Basically the title, I have a use case that could use this data, was wondering if the Pigeon 2.0 could provide that?
The Pigeon 2.0 is an inertial measurement unit (IMU) that can sense acceleration, angular velocity, and magnetic
fields. With this information, Pigeon 2.0 can be used to sense a mobile platform’s pose, which then can be used for
a variety of applications.
base on this you can’t or at least i don’t think you can get directly the velocity, but if you have acceleration and you don’t need that much acracy
v = v0 + at
it will be a little hard with angular acceleration, but it’s possible.
The answer depends on how big of an error is acceptable, as it integrates the acceleration and can drift over time. I hope someone from CTRE has this data for the pigeon 2 and would post it here.
Wheel encoders though use the derivative of the position which is not susceptible to drift, only to slippage and incorrect measurements of the wheels.
Seems like a combination would be the best answer perhaps.
Though some actual testing might reveal otherwise
I can’t use a combination of wheel encoders plus IMU because in my case the point is to have a secondary source of data to compare against the encoder velocity.
EDIT: Maybe I could do a Kalman filter (combining IMU and encoder velocity) biased toward IMU, and compare that against the encoder velocity.
What’s the use case exactly? Maybe an outer source like a stationary camera could do the job?
A traction control algorithm, it works relatively well now.
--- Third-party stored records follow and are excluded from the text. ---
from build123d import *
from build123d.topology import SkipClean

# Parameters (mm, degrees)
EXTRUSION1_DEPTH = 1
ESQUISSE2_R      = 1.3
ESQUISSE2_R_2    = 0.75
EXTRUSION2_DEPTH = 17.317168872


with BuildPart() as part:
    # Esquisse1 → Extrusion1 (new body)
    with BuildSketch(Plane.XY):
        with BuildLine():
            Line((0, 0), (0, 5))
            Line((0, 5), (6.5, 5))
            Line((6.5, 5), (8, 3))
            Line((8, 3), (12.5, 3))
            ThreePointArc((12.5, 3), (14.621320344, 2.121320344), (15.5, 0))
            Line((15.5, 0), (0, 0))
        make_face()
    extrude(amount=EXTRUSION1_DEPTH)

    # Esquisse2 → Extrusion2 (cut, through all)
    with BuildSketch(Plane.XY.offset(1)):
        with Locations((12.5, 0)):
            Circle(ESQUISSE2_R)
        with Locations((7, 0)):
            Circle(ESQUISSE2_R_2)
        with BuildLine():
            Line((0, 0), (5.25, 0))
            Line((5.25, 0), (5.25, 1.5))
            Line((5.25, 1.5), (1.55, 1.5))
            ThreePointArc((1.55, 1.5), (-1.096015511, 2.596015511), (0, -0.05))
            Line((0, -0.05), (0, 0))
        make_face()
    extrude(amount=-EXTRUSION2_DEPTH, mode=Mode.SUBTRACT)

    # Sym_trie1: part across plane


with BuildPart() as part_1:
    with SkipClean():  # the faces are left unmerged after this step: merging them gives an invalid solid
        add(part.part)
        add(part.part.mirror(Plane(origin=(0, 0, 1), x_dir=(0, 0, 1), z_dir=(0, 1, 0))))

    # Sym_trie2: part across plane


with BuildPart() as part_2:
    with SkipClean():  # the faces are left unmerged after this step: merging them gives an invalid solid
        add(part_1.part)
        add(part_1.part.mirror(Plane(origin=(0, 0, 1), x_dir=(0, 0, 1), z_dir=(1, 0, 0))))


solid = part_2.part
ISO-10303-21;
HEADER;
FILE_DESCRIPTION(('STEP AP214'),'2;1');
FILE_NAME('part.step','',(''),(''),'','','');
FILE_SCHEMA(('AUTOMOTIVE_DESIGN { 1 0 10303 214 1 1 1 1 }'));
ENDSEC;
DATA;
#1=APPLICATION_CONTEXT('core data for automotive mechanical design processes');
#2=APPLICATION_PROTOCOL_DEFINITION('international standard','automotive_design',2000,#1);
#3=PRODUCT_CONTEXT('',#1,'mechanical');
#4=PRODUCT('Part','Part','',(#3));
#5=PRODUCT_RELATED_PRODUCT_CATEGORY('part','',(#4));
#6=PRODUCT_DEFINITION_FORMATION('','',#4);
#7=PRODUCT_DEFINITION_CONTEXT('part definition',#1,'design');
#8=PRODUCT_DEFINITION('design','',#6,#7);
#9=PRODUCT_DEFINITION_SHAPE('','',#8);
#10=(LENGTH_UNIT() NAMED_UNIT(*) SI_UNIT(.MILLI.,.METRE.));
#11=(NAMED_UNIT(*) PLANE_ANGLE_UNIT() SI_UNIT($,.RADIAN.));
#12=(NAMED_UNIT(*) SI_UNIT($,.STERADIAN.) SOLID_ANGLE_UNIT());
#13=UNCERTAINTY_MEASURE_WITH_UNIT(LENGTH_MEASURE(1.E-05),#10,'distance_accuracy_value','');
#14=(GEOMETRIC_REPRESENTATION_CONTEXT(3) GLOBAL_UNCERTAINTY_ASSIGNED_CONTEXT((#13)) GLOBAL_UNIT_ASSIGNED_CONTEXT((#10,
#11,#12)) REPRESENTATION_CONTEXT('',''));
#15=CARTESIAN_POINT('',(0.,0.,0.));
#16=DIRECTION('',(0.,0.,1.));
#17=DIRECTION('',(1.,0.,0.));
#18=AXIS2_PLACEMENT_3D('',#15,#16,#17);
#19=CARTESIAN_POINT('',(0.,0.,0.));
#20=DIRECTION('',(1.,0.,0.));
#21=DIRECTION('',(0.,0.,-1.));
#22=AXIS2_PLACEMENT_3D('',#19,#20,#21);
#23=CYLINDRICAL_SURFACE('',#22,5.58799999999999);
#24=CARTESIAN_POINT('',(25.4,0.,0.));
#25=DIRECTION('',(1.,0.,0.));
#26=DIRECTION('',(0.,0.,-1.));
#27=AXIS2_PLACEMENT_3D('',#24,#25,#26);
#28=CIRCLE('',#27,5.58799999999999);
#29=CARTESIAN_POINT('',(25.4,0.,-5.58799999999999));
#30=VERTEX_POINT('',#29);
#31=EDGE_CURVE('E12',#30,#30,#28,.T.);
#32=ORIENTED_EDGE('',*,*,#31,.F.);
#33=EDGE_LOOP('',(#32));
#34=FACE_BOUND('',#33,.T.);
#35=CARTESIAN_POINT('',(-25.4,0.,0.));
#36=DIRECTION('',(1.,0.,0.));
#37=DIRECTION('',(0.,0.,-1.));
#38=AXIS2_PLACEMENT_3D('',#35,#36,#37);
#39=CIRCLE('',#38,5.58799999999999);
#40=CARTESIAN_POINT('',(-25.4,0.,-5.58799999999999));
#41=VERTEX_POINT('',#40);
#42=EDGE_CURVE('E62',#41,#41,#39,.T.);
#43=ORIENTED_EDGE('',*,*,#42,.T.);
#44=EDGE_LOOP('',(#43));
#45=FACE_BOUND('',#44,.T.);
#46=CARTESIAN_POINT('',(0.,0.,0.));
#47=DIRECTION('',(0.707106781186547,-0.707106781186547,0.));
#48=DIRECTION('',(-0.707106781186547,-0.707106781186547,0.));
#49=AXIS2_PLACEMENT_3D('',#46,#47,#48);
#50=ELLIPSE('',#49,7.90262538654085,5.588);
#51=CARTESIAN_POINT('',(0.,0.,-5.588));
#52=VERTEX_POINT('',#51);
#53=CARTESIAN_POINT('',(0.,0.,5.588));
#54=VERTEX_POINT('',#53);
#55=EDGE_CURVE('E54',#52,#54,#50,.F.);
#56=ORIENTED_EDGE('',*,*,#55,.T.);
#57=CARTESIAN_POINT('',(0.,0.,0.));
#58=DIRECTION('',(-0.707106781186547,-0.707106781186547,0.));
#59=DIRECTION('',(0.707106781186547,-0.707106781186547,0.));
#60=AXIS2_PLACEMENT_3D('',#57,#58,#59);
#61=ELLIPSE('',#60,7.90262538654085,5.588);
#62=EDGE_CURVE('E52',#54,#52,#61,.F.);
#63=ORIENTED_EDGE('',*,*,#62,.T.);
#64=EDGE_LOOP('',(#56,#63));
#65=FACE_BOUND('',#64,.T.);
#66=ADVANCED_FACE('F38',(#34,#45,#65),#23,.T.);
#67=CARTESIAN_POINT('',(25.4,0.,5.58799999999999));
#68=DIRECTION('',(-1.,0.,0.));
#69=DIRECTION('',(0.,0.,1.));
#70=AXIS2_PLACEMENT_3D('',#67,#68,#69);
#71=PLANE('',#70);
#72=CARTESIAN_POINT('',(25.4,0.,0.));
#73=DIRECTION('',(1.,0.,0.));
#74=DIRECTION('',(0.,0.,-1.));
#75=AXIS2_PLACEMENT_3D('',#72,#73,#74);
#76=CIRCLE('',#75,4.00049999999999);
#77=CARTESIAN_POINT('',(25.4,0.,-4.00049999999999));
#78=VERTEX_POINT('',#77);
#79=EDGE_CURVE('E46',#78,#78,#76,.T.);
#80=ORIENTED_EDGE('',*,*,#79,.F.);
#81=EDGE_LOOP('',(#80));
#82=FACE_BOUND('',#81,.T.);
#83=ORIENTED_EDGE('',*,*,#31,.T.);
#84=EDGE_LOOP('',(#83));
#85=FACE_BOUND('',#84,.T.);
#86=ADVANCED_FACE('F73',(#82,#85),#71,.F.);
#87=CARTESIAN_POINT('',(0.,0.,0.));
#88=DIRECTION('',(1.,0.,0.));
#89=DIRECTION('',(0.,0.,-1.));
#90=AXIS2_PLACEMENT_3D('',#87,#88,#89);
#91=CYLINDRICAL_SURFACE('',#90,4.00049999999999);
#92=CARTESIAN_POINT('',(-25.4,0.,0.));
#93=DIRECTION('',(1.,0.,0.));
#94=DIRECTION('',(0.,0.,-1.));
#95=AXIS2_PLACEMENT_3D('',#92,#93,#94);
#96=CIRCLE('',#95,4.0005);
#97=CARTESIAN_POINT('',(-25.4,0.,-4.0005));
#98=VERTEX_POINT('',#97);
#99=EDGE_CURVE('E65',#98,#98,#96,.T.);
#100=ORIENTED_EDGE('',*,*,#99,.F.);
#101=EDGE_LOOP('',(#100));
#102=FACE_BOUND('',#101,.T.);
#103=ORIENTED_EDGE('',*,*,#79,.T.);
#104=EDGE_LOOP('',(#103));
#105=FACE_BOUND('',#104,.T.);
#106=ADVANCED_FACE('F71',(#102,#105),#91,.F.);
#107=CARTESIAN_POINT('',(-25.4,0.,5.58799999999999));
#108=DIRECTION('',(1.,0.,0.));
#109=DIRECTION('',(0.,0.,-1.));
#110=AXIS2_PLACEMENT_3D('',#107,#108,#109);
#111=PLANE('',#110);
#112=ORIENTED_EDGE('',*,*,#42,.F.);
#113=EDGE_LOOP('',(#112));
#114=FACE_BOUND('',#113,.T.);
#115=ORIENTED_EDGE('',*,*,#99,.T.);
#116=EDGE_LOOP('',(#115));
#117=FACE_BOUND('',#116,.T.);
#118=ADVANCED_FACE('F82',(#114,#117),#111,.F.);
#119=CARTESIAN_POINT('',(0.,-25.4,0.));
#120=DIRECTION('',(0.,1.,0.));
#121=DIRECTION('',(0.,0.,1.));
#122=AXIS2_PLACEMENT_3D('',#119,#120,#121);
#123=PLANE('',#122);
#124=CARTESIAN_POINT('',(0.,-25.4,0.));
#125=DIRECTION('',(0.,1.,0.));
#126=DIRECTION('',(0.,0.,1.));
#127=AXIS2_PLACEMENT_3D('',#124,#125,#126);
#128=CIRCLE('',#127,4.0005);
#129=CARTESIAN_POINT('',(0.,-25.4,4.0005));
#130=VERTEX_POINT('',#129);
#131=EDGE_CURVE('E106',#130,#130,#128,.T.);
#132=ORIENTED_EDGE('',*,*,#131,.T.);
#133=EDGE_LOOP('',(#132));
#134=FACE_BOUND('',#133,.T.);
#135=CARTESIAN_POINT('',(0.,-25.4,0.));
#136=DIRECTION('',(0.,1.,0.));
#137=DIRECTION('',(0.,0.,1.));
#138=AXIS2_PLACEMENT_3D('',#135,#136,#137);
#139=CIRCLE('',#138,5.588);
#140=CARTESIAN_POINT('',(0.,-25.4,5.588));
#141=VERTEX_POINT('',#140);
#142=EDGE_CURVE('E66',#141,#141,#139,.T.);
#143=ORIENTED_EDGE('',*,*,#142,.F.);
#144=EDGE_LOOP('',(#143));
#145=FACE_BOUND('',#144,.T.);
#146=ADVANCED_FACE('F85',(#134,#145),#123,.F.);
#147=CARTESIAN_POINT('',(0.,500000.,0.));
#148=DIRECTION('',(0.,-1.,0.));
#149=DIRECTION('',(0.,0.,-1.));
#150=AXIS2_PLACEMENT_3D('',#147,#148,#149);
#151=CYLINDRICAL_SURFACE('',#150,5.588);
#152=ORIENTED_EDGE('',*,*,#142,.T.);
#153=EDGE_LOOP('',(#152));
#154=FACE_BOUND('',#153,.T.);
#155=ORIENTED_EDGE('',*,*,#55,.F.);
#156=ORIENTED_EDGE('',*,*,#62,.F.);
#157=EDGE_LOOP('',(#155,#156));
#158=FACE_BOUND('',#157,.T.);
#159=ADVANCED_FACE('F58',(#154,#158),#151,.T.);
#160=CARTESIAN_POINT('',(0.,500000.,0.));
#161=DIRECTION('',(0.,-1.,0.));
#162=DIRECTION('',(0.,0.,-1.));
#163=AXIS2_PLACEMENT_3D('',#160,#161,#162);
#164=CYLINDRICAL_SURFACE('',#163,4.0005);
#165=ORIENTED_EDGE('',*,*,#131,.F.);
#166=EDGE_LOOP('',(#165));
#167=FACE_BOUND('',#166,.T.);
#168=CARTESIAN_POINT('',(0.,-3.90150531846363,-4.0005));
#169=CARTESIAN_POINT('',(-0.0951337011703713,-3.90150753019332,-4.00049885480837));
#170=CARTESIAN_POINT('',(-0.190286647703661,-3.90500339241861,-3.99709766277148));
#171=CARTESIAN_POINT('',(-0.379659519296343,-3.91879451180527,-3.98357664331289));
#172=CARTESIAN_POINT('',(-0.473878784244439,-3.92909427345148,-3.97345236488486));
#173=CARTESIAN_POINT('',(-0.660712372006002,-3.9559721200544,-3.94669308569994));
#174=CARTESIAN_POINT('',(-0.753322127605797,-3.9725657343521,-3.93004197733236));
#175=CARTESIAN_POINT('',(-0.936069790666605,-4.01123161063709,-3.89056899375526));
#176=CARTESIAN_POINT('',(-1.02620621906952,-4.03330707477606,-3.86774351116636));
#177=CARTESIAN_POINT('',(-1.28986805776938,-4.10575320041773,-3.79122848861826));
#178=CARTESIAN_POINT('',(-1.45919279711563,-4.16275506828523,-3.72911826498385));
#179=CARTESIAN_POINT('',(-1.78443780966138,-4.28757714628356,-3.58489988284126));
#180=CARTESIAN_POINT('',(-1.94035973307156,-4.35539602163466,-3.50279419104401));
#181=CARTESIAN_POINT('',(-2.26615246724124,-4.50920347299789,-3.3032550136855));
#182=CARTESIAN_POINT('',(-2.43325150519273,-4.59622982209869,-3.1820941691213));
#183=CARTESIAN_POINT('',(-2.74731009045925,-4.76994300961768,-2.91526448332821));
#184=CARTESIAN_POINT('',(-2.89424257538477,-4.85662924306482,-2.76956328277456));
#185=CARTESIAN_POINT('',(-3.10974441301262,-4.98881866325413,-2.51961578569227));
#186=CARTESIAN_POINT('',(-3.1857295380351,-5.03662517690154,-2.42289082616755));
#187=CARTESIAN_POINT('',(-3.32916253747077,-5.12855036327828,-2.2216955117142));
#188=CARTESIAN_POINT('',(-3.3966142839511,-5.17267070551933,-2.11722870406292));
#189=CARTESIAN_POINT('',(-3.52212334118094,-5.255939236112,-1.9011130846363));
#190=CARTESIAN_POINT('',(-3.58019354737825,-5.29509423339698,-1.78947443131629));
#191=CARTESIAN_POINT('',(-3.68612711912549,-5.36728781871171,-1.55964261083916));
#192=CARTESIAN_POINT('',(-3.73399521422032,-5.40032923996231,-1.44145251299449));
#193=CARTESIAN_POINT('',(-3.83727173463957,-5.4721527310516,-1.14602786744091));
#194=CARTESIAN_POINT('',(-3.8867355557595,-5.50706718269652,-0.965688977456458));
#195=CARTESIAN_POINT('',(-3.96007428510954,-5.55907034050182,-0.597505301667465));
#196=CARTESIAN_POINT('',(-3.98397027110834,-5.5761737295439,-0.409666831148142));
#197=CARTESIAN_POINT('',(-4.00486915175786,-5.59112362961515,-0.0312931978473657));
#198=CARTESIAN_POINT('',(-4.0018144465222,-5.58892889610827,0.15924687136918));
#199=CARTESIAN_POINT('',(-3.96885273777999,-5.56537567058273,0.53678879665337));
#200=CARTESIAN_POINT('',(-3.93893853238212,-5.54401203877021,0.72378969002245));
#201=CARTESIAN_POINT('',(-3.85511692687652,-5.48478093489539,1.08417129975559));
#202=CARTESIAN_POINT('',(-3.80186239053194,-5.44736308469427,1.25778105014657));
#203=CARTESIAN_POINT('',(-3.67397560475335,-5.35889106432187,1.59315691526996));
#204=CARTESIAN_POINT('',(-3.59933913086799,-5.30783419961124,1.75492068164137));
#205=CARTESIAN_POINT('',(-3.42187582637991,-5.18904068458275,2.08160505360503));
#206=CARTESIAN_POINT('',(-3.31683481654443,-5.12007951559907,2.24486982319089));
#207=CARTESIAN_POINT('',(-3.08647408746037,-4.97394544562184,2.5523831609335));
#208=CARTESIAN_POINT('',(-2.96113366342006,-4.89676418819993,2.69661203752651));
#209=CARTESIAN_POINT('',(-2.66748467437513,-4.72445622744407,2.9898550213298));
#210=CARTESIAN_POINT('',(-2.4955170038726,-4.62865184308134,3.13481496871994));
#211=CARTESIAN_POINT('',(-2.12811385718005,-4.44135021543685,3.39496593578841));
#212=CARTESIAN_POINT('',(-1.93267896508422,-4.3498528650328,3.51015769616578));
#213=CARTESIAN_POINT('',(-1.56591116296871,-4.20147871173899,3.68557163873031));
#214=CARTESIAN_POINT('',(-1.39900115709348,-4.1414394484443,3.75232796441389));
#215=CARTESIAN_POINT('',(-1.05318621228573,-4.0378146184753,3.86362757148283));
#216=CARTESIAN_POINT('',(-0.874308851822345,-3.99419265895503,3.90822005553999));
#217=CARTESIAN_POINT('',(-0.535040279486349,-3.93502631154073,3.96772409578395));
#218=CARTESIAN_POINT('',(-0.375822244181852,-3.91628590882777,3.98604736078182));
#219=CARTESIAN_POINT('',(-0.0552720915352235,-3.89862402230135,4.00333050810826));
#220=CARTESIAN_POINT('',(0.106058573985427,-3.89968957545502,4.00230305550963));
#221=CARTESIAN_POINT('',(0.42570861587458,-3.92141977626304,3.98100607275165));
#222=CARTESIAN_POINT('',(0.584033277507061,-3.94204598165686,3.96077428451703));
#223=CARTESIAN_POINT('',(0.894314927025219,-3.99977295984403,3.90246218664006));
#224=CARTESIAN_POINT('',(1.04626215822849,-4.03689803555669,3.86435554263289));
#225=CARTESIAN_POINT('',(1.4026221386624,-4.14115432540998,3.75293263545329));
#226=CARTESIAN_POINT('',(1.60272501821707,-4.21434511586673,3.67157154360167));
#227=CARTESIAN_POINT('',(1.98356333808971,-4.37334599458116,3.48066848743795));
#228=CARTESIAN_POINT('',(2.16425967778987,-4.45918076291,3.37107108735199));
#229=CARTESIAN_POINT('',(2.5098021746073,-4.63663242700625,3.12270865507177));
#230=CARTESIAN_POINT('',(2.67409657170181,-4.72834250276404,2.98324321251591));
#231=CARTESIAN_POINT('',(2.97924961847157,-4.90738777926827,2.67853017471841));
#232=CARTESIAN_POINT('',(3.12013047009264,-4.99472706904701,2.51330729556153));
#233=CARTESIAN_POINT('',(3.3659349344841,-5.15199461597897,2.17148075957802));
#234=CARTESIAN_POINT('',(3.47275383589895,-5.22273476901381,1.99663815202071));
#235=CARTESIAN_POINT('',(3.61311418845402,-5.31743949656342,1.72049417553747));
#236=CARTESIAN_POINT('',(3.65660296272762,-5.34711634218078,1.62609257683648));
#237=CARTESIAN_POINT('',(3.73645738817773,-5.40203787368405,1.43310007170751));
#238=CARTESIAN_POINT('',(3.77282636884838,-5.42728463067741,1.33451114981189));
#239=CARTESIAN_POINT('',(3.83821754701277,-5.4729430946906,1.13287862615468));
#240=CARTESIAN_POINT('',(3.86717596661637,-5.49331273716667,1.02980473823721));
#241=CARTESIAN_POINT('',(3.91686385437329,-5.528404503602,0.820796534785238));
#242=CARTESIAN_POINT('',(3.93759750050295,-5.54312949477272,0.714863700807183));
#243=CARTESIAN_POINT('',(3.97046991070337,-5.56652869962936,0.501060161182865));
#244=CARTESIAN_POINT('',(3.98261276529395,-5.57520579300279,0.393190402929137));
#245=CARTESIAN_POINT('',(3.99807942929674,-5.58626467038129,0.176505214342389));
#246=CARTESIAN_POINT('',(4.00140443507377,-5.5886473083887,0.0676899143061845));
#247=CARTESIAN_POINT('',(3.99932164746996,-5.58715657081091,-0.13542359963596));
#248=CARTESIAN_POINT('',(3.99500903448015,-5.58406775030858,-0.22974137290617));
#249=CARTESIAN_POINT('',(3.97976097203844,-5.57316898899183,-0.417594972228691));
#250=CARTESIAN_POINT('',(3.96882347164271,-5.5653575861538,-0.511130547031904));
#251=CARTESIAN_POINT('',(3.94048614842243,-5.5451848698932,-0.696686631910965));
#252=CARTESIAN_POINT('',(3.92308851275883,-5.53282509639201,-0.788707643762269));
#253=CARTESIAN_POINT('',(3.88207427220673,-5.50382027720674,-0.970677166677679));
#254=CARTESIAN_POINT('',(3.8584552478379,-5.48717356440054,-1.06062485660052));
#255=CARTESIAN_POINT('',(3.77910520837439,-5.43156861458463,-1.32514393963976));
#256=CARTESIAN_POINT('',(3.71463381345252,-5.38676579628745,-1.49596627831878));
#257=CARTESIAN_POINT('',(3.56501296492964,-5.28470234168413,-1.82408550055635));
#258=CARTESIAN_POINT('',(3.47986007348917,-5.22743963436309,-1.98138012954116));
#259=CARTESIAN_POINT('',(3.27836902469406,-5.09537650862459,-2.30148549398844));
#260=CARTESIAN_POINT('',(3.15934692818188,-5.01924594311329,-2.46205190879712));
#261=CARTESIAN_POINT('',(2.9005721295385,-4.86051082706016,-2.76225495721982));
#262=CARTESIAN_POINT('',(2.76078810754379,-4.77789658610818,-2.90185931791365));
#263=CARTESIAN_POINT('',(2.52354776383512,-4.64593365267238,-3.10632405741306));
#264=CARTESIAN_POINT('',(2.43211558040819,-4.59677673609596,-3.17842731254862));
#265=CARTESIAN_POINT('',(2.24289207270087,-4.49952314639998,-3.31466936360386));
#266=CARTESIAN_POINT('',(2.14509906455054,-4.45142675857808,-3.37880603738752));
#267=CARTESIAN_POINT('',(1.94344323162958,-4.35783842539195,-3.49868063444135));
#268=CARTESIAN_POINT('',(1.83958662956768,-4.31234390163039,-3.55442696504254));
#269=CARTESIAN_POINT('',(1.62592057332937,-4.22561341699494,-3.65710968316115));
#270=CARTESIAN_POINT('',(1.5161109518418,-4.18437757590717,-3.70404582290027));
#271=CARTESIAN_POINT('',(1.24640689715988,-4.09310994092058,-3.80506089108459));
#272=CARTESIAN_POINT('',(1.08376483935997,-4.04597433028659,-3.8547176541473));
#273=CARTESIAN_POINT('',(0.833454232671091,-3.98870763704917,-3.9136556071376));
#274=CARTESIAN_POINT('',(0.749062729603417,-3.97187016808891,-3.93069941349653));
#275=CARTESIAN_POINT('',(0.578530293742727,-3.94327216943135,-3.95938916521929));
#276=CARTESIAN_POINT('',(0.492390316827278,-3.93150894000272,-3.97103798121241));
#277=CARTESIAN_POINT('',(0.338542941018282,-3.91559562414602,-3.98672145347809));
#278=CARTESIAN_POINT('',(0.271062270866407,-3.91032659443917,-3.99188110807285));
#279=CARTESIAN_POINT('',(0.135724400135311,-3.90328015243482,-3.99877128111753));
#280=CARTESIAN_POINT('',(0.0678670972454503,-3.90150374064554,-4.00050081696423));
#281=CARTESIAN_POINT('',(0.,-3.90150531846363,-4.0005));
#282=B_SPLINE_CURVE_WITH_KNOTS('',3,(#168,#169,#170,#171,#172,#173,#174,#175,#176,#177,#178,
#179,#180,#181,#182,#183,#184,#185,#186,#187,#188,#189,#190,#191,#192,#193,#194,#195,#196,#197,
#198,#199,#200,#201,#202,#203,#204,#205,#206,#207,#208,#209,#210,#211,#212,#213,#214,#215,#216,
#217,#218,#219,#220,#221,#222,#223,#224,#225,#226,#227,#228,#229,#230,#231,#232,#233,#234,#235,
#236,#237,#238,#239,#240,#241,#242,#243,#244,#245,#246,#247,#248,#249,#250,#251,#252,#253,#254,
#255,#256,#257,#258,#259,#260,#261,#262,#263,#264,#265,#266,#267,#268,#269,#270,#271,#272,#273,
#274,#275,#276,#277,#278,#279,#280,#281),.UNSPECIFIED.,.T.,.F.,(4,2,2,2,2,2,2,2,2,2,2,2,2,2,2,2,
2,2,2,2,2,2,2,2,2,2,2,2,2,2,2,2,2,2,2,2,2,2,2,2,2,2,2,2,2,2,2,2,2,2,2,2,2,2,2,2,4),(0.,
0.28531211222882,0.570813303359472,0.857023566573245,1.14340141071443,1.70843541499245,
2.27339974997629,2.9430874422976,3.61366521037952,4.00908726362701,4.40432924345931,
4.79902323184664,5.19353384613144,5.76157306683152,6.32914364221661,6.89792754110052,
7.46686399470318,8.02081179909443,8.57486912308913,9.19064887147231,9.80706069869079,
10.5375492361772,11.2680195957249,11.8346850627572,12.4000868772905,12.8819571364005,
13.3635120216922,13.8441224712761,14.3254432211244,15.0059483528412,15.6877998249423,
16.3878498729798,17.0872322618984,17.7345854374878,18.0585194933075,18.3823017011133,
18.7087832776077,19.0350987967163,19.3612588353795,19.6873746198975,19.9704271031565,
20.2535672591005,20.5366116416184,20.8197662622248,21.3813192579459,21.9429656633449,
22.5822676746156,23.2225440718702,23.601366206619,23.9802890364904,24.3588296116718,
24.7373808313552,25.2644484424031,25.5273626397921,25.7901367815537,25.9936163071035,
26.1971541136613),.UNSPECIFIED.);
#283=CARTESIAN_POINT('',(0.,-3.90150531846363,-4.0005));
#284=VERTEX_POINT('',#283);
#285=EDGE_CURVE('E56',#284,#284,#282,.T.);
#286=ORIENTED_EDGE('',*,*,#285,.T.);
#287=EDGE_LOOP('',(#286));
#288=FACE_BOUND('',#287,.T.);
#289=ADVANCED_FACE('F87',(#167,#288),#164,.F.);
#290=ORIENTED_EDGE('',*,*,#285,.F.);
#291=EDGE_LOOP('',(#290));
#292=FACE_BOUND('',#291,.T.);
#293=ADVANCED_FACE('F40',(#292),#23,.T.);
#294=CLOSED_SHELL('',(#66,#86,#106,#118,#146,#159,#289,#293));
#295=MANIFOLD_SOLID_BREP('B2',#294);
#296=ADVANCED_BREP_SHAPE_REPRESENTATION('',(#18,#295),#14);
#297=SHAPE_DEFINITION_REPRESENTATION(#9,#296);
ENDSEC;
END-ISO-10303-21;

You can view it here: PurpleLib/src/main/java/org/lasarobotics/drive/TractionControlController.java at master · lasarobotics/PurpleLib · GitHub
Yeah, I’d be willing to guess you could try taking the last “frame” of your camera position, and see how much time has passed, then compare.
Though I’m not an expert
If you are interested in detecting wheel slippage, drive motor current is worth considering. You probably want to look at the data that comes off an accelerometer when you do start to slip – during that interval of time, and not by looking at the derived velocity.
Given four independent wheels, I suspect drive motor current is going to be a better data source, given that you are already using wheel velocity.
It is possible to obtain velocity from Pigeon 2. However, since the gyro does not have an integrated Kalman filter for velocity, calculating velocity by integrating acceleration in the RoboRIO can be challenging. The RoboRIO operates at a maximum frequency of 256 Hz, while the internal Kalman filter runs at 1000 Hz, making the integration process more difficult.
It’s not just about knowing when slipping is occurring but knowing what to do when it is.
Do we know what IMU IC is used on the pigeon 2? If we do, you can search up the spec sheet which usually are quite a lot more detailed than FRC datasheets and will have detailed accuracy information and sensor bandwidth.
Its highly insufficient. IMU spec sheets typically contain about 2 pages of specifications on just accuracy of various forms.
I wouldn’t count on it, I asked chatgpt to find a citation for this and it gave me like 3 different answers to the initial question, especially since your post is the only reference to BMI270 on this entire forum and the BMI270 does not contain a magnetometer, and only is a $5 IMU
People need to stop asking ChatGPT questions like that. It doesn’t know when it knows stuff! It will happily lie to you!
Thats why I cited my source, GPT’s suck when it comes to facts. I was simply hoping that it had a shot at being right
That sounds like localization more than traction control… If so, there’s quite a bit on fusing odometry, IMU, and other (camera) data. The use case is still unclear to me though.
Not really, its about how much to reduce the speed output by, given the amount of slipping, known coefficient of friction of the wheel against the carpet, mass of the robot, etc, in order to regain traction, while not needing to impose (as restrictive) stator current limits, which could leave more performance on the table.
I mean sure, but in pretty much all scenarios an unchecked GPT answer is actively worse than no answer.